WHAT YOU WILL DO: When copying the entries below, leave out every picture and keep the rest exact.

STUDY MATERIAL:
****************************************

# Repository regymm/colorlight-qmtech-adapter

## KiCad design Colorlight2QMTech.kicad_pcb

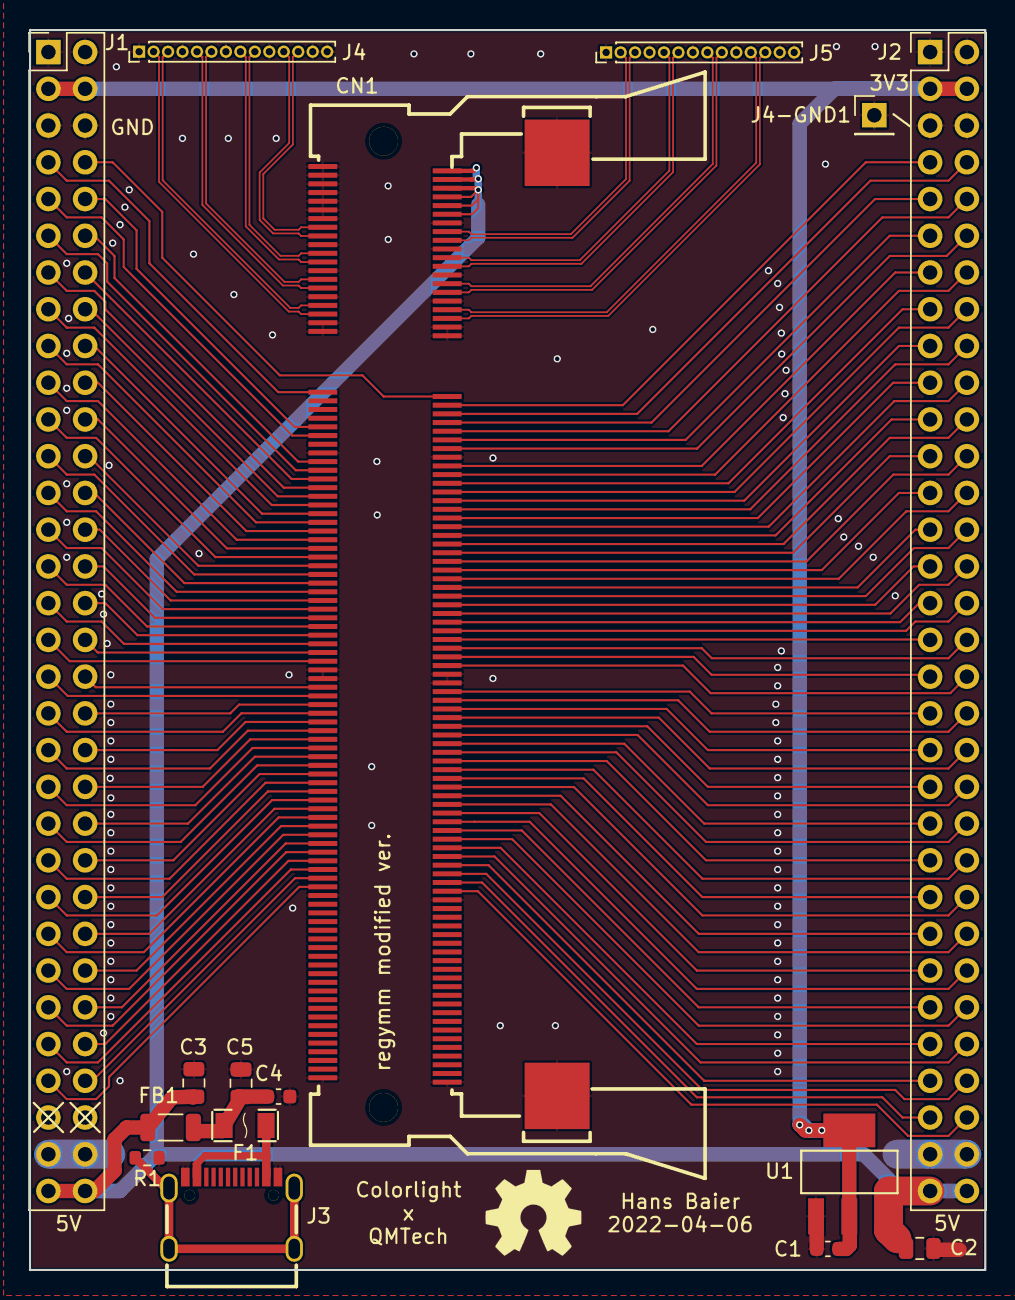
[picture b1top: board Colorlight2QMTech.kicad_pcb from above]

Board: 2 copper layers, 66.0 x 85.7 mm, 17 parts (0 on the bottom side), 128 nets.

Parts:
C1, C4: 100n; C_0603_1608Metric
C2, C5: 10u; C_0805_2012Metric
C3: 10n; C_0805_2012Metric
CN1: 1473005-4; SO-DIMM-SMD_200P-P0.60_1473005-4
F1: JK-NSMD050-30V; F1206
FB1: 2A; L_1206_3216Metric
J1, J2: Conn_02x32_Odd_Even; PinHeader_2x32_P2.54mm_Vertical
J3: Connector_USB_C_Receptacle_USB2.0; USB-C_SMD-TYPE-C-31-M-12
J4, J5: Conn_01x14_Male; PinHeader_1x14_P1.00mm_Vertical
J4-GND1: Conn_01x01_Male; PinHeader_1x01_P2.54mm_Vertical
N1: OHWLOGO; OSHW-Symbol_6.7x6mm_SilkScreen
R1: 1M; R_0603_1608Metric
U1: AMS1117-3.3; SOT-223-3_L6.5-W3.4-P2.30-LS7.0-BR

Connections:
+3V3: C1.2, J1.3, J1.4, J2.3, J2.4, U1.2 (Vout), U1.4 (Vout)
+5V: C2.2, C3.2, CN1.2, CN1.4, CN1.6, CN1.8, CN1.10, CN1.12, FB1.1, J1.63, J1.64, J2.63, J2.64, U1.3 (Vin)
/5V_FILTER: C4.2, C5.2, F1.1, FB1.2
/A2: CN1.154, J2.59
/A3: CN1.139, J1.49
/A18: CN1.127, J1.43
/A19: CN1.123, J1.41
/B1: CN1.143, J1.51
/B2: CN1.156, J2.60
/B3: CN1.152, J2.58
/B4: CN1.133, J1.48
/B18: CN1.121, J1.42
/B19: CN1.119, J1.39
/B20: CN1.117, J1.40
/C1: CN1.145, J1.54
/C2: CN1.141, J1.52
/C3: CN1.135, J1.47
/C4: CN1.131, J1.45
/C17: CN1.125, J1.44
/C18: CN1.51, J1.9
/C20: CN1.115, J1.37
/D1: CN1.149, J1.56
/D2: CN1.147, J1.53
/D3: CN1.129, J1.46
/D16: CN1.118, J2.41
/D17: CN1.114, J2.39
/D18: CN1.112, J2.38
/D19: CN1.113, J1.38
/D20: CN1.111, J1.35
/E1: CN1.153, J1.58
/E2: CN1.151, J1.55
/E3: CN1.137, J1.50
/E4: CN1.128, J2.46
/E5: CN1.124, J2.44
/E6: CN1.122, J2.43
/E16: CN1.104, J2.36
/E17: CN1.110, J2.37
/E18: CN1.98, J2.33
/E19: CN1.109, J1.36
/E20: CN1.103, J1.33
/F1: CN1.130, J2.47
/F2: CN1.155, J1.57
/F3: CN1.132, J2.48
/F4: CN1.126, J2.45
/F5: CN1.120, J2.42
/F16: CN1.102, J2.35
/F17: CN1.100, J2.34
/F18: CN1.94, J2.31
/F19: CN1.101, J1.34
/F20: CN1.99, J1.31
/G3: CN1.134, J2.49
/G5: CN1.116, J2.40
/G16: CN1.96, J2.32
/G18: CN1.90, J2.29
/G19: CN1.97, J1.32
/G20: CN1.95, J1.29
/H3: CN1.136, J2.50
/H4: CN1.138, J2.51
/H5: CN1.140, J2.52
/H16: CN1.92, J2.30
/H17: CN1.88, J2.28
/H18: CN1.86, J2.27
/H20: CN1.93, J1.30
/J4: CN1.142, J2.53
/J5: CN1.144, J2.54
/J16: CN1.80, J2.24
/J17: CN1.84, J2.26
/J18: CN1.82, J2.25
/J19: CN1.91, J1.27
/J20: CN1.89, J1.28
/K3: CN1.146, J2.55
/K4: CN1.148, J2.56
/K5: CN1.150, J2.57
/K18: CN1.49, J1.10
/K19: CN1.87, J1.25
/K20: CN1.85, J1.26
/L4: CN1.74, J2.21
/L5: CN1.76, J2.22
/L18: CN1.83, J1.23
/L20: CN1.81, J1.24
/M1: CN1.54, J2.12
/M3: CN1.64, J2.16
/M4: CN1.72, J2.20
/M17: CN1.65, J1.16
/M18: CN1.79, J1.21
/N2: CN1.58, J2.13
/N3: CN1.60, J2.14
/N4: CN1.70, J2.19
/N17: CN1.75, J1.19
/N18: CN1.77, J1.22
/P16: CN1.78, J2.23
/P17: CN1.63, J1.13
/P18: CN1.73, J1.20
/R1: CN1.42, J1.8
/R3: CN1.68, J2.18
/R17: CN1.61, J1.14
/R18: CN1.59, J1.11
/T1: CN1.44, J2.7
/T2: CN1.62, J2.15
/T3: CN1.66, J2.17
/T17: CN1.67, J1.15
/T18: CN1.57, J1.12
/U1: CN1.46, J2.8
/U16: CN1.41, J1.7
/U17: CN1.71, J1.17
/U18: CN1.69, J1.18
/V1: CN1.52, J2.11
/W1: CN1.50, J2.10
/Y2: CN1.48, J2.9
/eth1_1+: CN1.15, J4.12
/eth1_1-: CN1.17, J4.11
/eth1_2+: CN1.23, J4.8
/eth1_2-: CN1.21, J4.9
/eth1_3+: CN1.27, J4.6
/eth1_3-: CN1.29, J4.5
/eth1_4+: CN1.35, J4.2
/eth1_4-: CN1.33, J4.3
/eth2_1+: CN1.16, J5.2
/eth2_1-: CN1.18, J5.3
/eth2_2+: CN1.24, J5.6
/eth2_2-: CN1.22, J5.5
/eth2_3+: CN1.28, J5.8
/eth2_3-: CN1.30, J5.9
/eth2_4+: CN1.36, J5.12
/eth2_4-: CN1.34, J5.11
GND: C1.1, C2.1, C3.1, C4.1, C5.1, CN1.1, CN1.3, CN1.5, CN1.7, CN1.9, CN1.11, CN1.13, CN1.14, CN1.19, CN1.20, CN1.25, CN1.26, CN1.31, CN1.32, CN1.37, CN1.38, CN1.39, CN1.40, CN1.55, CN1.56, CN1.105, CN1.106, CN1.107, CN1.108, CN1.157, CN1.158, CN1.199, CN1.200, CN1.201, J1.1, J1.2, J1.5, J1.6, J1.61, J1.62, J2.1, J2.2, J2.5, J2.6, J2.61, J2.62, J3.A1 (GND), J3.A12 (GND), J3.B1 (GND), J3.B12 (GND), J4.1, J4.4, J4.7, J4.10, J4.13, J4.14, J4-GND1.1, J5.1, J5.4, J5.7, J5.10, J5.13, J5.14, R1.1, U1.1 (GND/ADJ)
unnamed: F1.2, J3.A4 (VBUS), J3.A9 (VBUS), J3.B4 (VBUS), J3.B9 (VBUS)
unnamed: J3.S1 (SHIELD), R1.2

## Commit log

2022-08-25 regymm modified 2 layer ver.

****************************************

SOLUTION FOR THIS PROBLEM:
# Repository regymm/colorlight-qmtech-adapter

## KiCad design Colorlight2QMTech.kicad_pcb

[picture b1top: board Colorlight2QMTech.kicad_pcb from above]

Board: 2 copper layers, 66.0 x 85.7 mm, 17 parts (0 on the bottom side), 128 nets.

Parts:
C1, C4: 100n; C_0603_1608Metric
C2, C5: 10u; C_0805_2012Metric
C3: 10n; C_0805_2012Metric
CN1: 1473005-4; SO-DIMM-SMD_200P-P0.60_1473005-4
F1: JK-NSMD050-30V; F1206
FB1: 2A; L_1206_3216Metric
J1, J2: Conn_02x32_Odd_Even; PinHeader_2x32_P2.54mm_Vertical
J3: Connector_USB_C_Receptacle_USB2.0; USB-C_SMD-TYPE-C-31-M-12
J4, J5: Conn_01x14_Male; PinHeader_1x14_P1.00mm_Vertical
J4-GND1: Conn_01x01_Male; PinHeader_1x01_P2.54mm_Vertical
N1: OHWLOGO; OSHW-Symbol_6.7x6mm_SilkScreen
R1: 1M; R_0603_1608Metric
U1: AMS1117-3.3; SOT-223-3_L6.5-W3.4-P2.30-LS7.0-BR

Connections:
+3V3: C1.2, J1.3, J1.4, J2.3, J2.4, U1.2 (Vout), U1.4 (Vout)
+5V: C2.2, C3.2, CN1.2, CN1.4, CN1.6, CN1.8, CN1.10, CN1.12, FB1.1, J1.63, J1.64, J2.63, J2.64, U1.3 (Vin)
/5V_FILTER: C4.2, C5.2, F1.1, FB1.2
/A2: CN1.154, J2.59
/A3: CN1.139, J1.49
/A18: CN1.127, J1.43
/A19: CN1.123, J1.41
/B1: CN1.143, J1.51
/B2: CN1.156, J2.60
/B3: CN1.152, J2.58
/B4: CN1.133, J1.48
/B18: CN1.121, J1.42
/B19: CN1.119, J1.39
/B20: CN1.117, J1.40
/C1: CN1.145, J1.54
/C2: CN1.141, J1.52
/C3: CN1.135, J1.47
/C4: CN1.131, J1.45
/C17: CN1.125, J1.44
/C18: CN1.51, J1.9
/C20: CN1.115, J1.37
/D1: CN1.149, J1.56
/D2: CN1.147, J1.53
/D3: CN1.129, J1.46
/D16: CN1.118, J2.41
/D17: CN1.114, J2.39
/D18: CN1.112, J2.38
/D19: CN1.113, J1.38
/D20: CN1.111, J1.35
/E1: CN1.153, J1.58
/E2: CN1.151, J1.55
/E3: CN1.137, J1.50
/E4: CN1.128, J2.46
/E5: CN1.124, J2.44
/E6: CN1.122, J2.43
/E16: CN1.104, J2.36
/E17: CN1.110, J2.37
/E18: CN1.98, J2.33
/E19: CN1.109, J1.36
/E20: CN1.103, J1.33
/F1: CN1.130, J2.47
/F2: CN1.155, J1.57
/F3: CN1.132, J2.48
/F4: CN1.126, J2.45
/F5: CN1.120, J2.42
/F16: CN1.102, J2.35
/F17: CN1.100, J2.34
/F18: CN1.94, J2.31
/F19: CN1.101, J1.34
/F20: CN1.99, J1.31
/G3: CN1.134, J2.49
/G5: CN1.116, J2.40
/G16: CN1.96, J2.32
/G18: CN1.90, J2.29
/G19: CN1.97, J1.32
/G20: CN1.95, J1.29
/H3: CN1.136, J2.50
/H4: CN1.138, J2.51
/H5: CN1.140, J2.52
/H16: CN1.92, J2.30
/H17: CN1.88, J2.28
/H18: CN1.86, J2.27
/H20: CN1.93, J1.30
/J4: CN1.142, J2.53
/J5: CN1.144, J2.54
/J16: CN1.80, J2.24
/J17: CN1.84, J2.26
/J18: CN1.82, J2.25
/J19: CN1.91, J1.27
/J20: CN1.89, J1.28
/K3: CN1.146, J2.55
/K4: CN1.148, J2.56
/K5: CN1.150, J2.57
/K18: CN1.49, J1.10
/K19: CN1.87, J1.25
/K20: CN1.85, J1.26
/L4: CN1.74, J2.21
/L5: CN1.76, J2.22
/L18: CN1.83, J1.23
/L20: CN1.81, J1.24
/M1: CN1.54, J2.12
/M3: CN1.64, J2.16
/M4: CN1.72, J2.20
/M17: CN1.65, J1.16
/M18: CN1.79, J1.21
/N2: CN1.58, J2.13
/N3: CN1.60, J2.14
/N4: CN1.70, J2.19
/N17: CN1.75, J1.19
/N18: CN1.77, J1.22
/P16: CN1.78, J2.23
/P17: CN1.63, J1.13
/P18: CN1.73, J1.20
/R1: CN1.42, J1.8
/R3: CN1.68, J2.18
/R17: CN1.61, J1.14
/R18: CN1.59, J1.11
/T1: CN1.44, J2.7
/T2: CN1.62, J2.15
/T3: CN1.66, J2.17
/T17: CN1.67, J1.15
/T18: CN1.57, J1.12
/U1: CN1.46, J2.8
/U16: CN1.41, J1.7
/U17: CN1.71, J1.17
/U18: CN1.69, J1.18
/V1: CN1.52, J2.11
/W1: CN1.50, J2.10
/Y2: CN1.48, J2.9
/eth1_1+: CN1.15, J4.12
/eth1_1-: CN1.17, J4.11
/eth1_2+: CN1.23, J4.8
/eth1_2-: CN1.21, J4.9
/eth1_3+: CN1.27, J4.6
/eth1_3-: CN1.29, J4.5
/eth1_4+: CN1.35, J4.2
/eth1_4-: CN1.33, J4.3
/eth2_1+: CN1.16, J5.2
/eth2_1-: CN1.18, J5.3
/eth2_2+: CN1.24, J5.6
/eth2_2-: CN1.22, J5.5
/eth2_3+: CN1.28, J5.8
/eth2_3-: CN1.30, J5.9
/eth2_4+: CN1.36, J5.12
/eth2_4-: CN1.34, J5.11
GND: C1.1, C2.1, C3.1, C4.1, C5.1, CN1.1, CN1.3, CN1.5, CN1.7, CN1.9, CN1.11, CN1.13, CN1.14, CN1.19, CN1.20, CN1.25, CN1.26, CN1.31, CN1.32, CN1.37, CN1.38, CN1.39, CN1.40, CN1.55, CN1.56, CN1.105, CN1.106, CN1.107, CN1.108, CN1.157, CN1.158, CN1.199, CN1.200, CN1.201, J1.1, J1.2, J1.5, J1.6, J1.61, J1.62, J2.1, J2.2, J2.5, J2.6, J2.61, J2.62, J3.A1 (GND), J3.A12 (GND), J3.B1 (GND), J3.B12 (GND), J4.1, J4.4, J4.7, J4.10, J4.13, J4.14, J4-GND1.1, J5.1, J5.4, J5.7, J5.10, J5.13, J5.14, R1.1, U1.1 (GND/ADJ)
unnamed: F1.2, J3.A4 (VBUS), J3.A9 (VBUS), J3.B4 (VBUS), J3.B9 (VBUS)
unnamed: J3.S1 (SHIELD), R1.2

## Commit log

2022-08-25 regymm modified 2 layer ver.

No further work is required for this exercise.